BACKUP_DIR="/backups/passbolt"
PASSBOLT_DIR="/opt/passbolt"
DATE=$(date +%Y%m%d_%H%M%S)

mkdir -p $BACKUP_DIR

# Stop Passbolt
docker-compose -f $PASSBOLT_DIR/docker-compose.yml stop

# MySQL backup
docker exec mysql-passbolt mysqldump -u passbolt -p'PassboltPassword123!' passbolt | gzip > "$BACKUP_DIR/passbolt-db-$DATE.sql.gz"

# Data backup
tar -czf "$BACKUP_DIR/passbolt-data-$DATE.tar.gz" "$PASSBOLT_DIR"

# Start Passbolt
docker-compose -f $PASSBOLT_DIR/docker-compose.yml start

# Keep only 30 days
find $BACKUP_DIR -type f -mtime +30 -delete

echo "Backup completed: $DATE"

Make executable:

sudo chmod +x /usr/local/bin/passbolt-backup.sh

Schedule daily backups:

sudo crontab -e

Add:

0 2 * * * /usr/local/bin/passbolt-backup.sh >> /var/log/passbolt-backup.log 2>&1

Update Passbolt:

cd /opt/passbolt
docker-compose pull
docker-compose down
docker-compose up -d

Conclusión

Passbolt is now fully deployed as a team password manager.

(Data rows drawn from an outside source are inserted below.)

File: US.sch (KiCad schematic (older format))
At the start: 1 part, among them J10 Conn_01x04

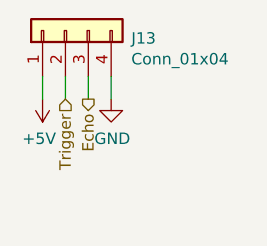
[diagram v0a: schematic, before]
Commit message: Added power selector for ultrasonic sensors
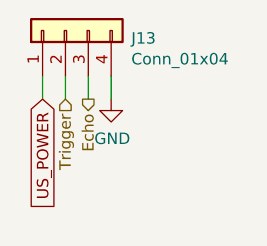
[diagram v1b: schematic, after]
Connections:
- net +5V renamed US_POWER
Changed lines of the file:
@@
-$EndComp
-$Comp
-L power:+5V #PWR043
-U 1 1 5BC0723E
-P 3900 2850
-AR Path="/5BC0526F/5BC0723E" Ref="#PWR043"  Part="1"
-AR Path="/5BC05277/5BC0723E" Ref="#PWR047"  Part="1"
-AR Path="/5BC05284/5BC0723E" Ref="#PWR051"  Part="1"
-AR Path="/5BC05291/5BC0723E" Ref="#PWR055"  Part="1"
-F 0 "#PWR055" H 3900 2700 50  0001 C CNN
-F 1 "+5V" H 3915 3023 50  0000 C CNN
-F 2 "" H 3900 2850 50  0001 C CNN
-F 3 "" H 3900 2850 50  0001 C CNN
-	1    3900 2850
-	-1   0    0    1
 $EndComp
 $Comp
@@
 Wire Wire Line
 	4100 2750 4100 2850
+Text GLabel 3900 2850 3    50   Input ~ 0
+US_POWER
 $EndSCHEMATC

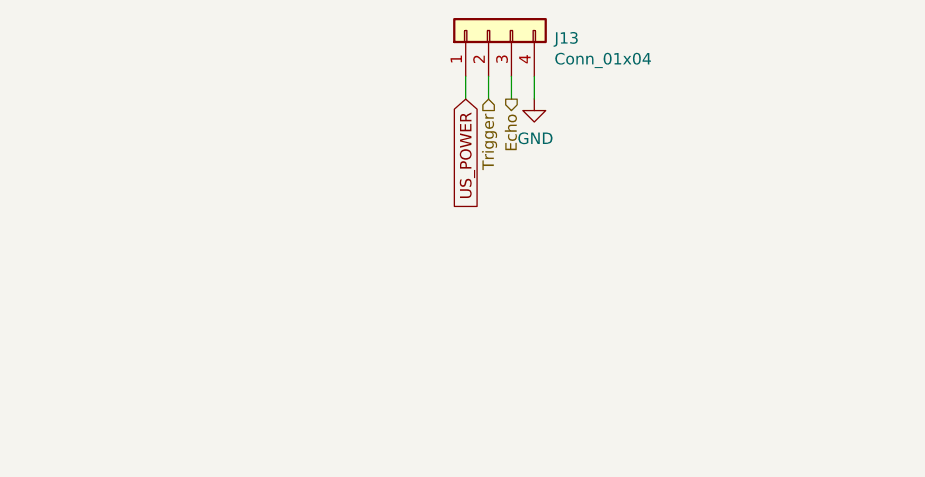
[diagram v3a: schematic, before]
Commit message: Fixed TTa pins issue
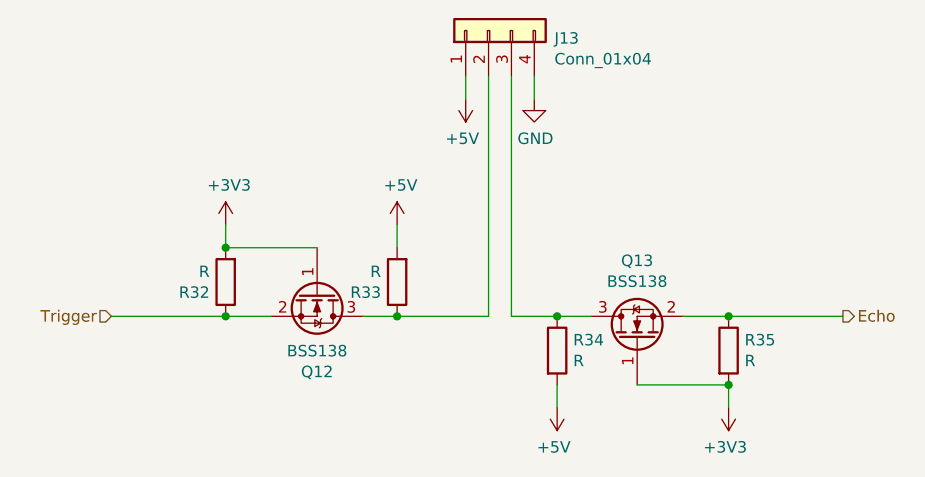
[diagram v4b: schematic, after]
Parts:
- added Q6, Q7: BSS138, Package_TO_SOT_SMD:SOT-23, symbol Transistor_FET:BSS138
- added R20, R21, R22, R23: R, symbol Device:R
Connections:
- net Echo: now also Q7.2 (S), R23.1; no longer J10.3 (Pin_3)
- net Trigger: now also Q6.2 (S), R20.1; no longer J10.2 (Pin_2)
- net US_POWER renamed +5V
- net +5V: now also R21.2, R22.2
- new net: J10.2 (Pin_2), Q6.3 (D), R21.1
- new net: J10.3 (Pin_3), Q7.3 (D), R22.1
- new net +3V3: Q6.1 (G), Q7.1 (G), R20.2, R23.2

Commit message: Added IC for level translation with ultrasonic sensors
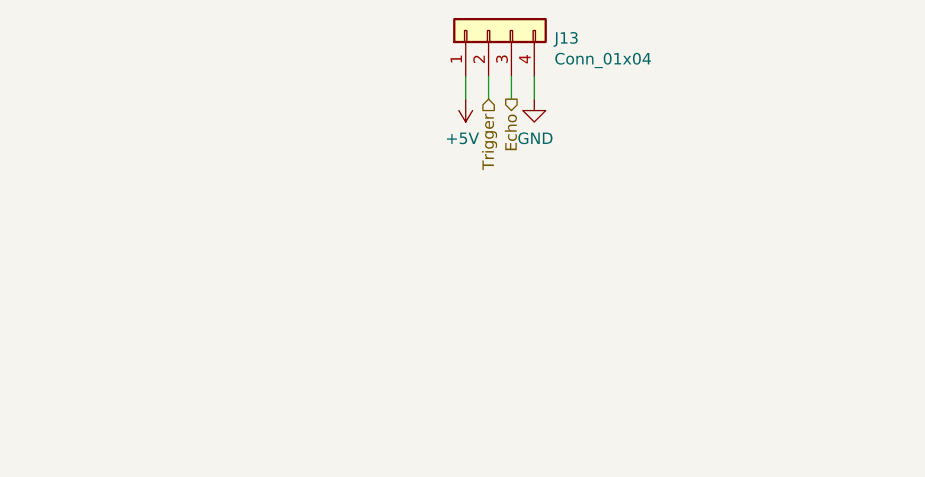
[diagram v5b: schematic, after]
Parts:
- removed Q6, Q7: BSS138, Package_TO_SOT_SMD:SOT-23, symbol Transistor_FET:BSS138
- removed R20, R21, R22, R23: R, symbol Device:R
- J10: footprint (none) -> Connector_JST:JST_XH_B04B-XH-A_1x04_P2.50mm_Vertical
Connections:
- net Echo: now also J10.3 (Pin_3)
- net Trigger: now also J10.2 (Pin_2)

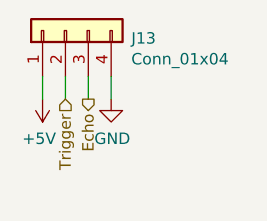
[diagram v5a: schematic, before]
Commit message: Added ultrasonic sensors power selection
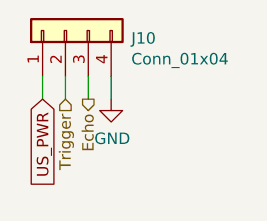
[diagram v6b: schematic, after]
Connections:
- net +5V renamed US_PWR
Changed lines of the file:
@@
 AR Path="/5BC05284/5BC053B5" Ref="J12"  Part="1"
 AR Path="/5BC05291/5BC053B5" Ref="J13"  Part="1"
-F 0 "J13" V 3966 2262 50  0000 R CNN
+F 0 "J10" V 3966 2262 50  0000 R CNN
 F 1 "Conn_01x04" V 3875 2262 50  0000 R CNN
 F 2 "Connector_JST:JST_XH_B04B-XH-A_1x04_P2.50mm_Vertical" H 4000 2550 50  0001 C CNN
@@
 AR Path="/5BC05284/5BC072A4" Ref="#PWR053"  Part="1"
 AR Path="/5BC05291/5BC072A4" Ref="#PWR055"  Part="1"
-F 0 "#PWR055" H 4200 2600 50  0001 C CNN
+F 0 "#PWR049" H 4200 2600 50  0001 C CNN
 F 1 "GND" H 4205 2677 50  0000 C CNN
 F 2 "" H 4200 2850 50  0001 C CNN
@@
 Text HLabel 4100 2850 3    50   Output ~ 0
 Echo
-$Comp
-L power:+5V #PWR048
-U 1 1 5BBF3C89
-P 3900 2850
-AR Path="/5BC0526F/5BBF3C89" Ref="#PWR048"  Part="1"
-AR Path="/5BC05277/5BBF3C89" Ref="#PWR050"  Part="1"
-AR Path="/5BC05284/5BBF3C89" Ref="#PWR052"  Part="1"
-AR Path="/5BC05291/5BBF3C89" Ref="#PWR054"  Part="1"
-F 0 "#PWR054" H 3900 2700 50  0001 C CNN
-F 1 "+5V" H 3915 3023 50  0000 C CNN
-F 2 "" H 3900 2850 50  0001 C CNN
-F 3 "" H 3900 2850 50  0001 C CNN
-	1    3900 2850
-	-1   0    0    1
-$EndComp
 Wire Wire Line
 	4000 2750 4000 2850
 Wire Wire Line
 	4100 2750 4100 2850
+Text GLabel 3900 2850 3    50   Input ~ 0
+US_PWR
 $EndSCHEMATC

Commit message: Footprint association
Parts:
- J10: footprint Connector_JST:JST_XH_B04B-XH-A_1x04_P2.50mm_Vertical -> Connector_JST:JST_PH_B4B-PH-K_1x04_P2.00mm_Vertical
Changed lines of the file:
@@
 F 0 "J10" V 3966 2262 50  0000 R CNN
 F 1 "Conn_01x04" V 3875 2262 50  0000 R CNN
-F 2 "Connector_JST:JST_XH_B04B-XH-A_1x04_P2.50mm_Vertical" H 4000 2550 50  0001 C CNN
+F 2 "Connector_JST:JST_PH_B4B-PH-K_1x04_P2.00mm_Vertical" H 4000 2550 50  0001 C CNN
 F 3 "~" H 4000 2550 50  0001 C CNN
 	1    4000 2550
@@
 AR Path="/5BC05284/5BC072A4" Ref="#PWR053"  Part="1"
 AR Path="/5BC05291/5BC072A4" Ref="#PWR055"  Part="1"
-F 0 "#PWR049" H 4200 2600 50  0001 C CNN
+F 0 "#PWR055" H 4200 2600 50  0001 C CNN
 F 1 "GND" H 4205 2677 50  0000 C CNN
 F 2 "" H 4200 2850 50  0001 C CNN

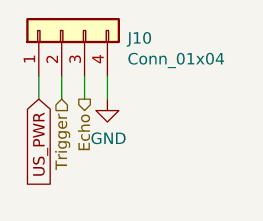
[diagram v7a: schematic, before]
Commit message: Schematic corrections
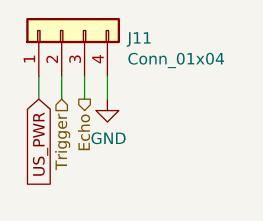
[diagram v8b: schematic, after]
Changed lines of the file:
@@
 AR Path="/5BC05284/5BC053B5" Ref="J12"  Part="1"
 AR Path="/5BC05291/5BC053B5" Ref="J13"  Part="1"
-F 0 "J10" V 3966 2262 50  0000 R CNN
+F 0 "J11" V 3966 2262 50  0000 R CNN
 F 1 "Conn_01x04" V 3875 2262 50  0000 R CNN
 F 2 "Connector_JST:JST_PH_B4B-PH-K_1x04_P2.00mm_Vertical" H 4000 2550 50  0001 C CNN
@@
 $EndComp
 $Comp
-L power:GND #PWR049
+L power:GND #PWR051
 U 1 1 5BC072A4
 P 4200 2850
-AR Path="/5BC0526F/5BC072A4" Ref="#PWR049"  Part="1"
-AR Path="/5BC05277/5BC072A4" Ref="#PWR051"  Part="1"
+AR Path="/5BC0526F/5BC072A4" Ref="#PWR051"  Part="1"
+AR Path="/5BC05277/5BC072A4" Ref="#PWR052"  Part="1"
 AR Path="/5BC05284/5BC072A4" Ref="#PWR053"  Part="1"
-AR Path="/5BC05291/5BC072A4" Ref="#PWR055"  Part="1"
-F 0 "#PWR055" H 4200 2600 50  0001 C CNN
+AR Path="/5BC05291/5BC072A4" Ref="#PWR054"  Part="1"
+F 0 "#PWR052" H 4200 2600 50  0001 C CNN
 F 1 "GND" H 4205 2677 50  0000 C CNN
 F 2 "" H 4200 2850 50  0001 C CNN

With MySQL database, Docker containerization, SSL encryption, GPG key management, and team collaboration features, you have a secure password vault solution. Cree teams, manage users, and control password sharing with granular permissions. Regular backups ensure password recovery. Passbolt's end-to-end encryption and team-focused design make it ideal for organizational password management.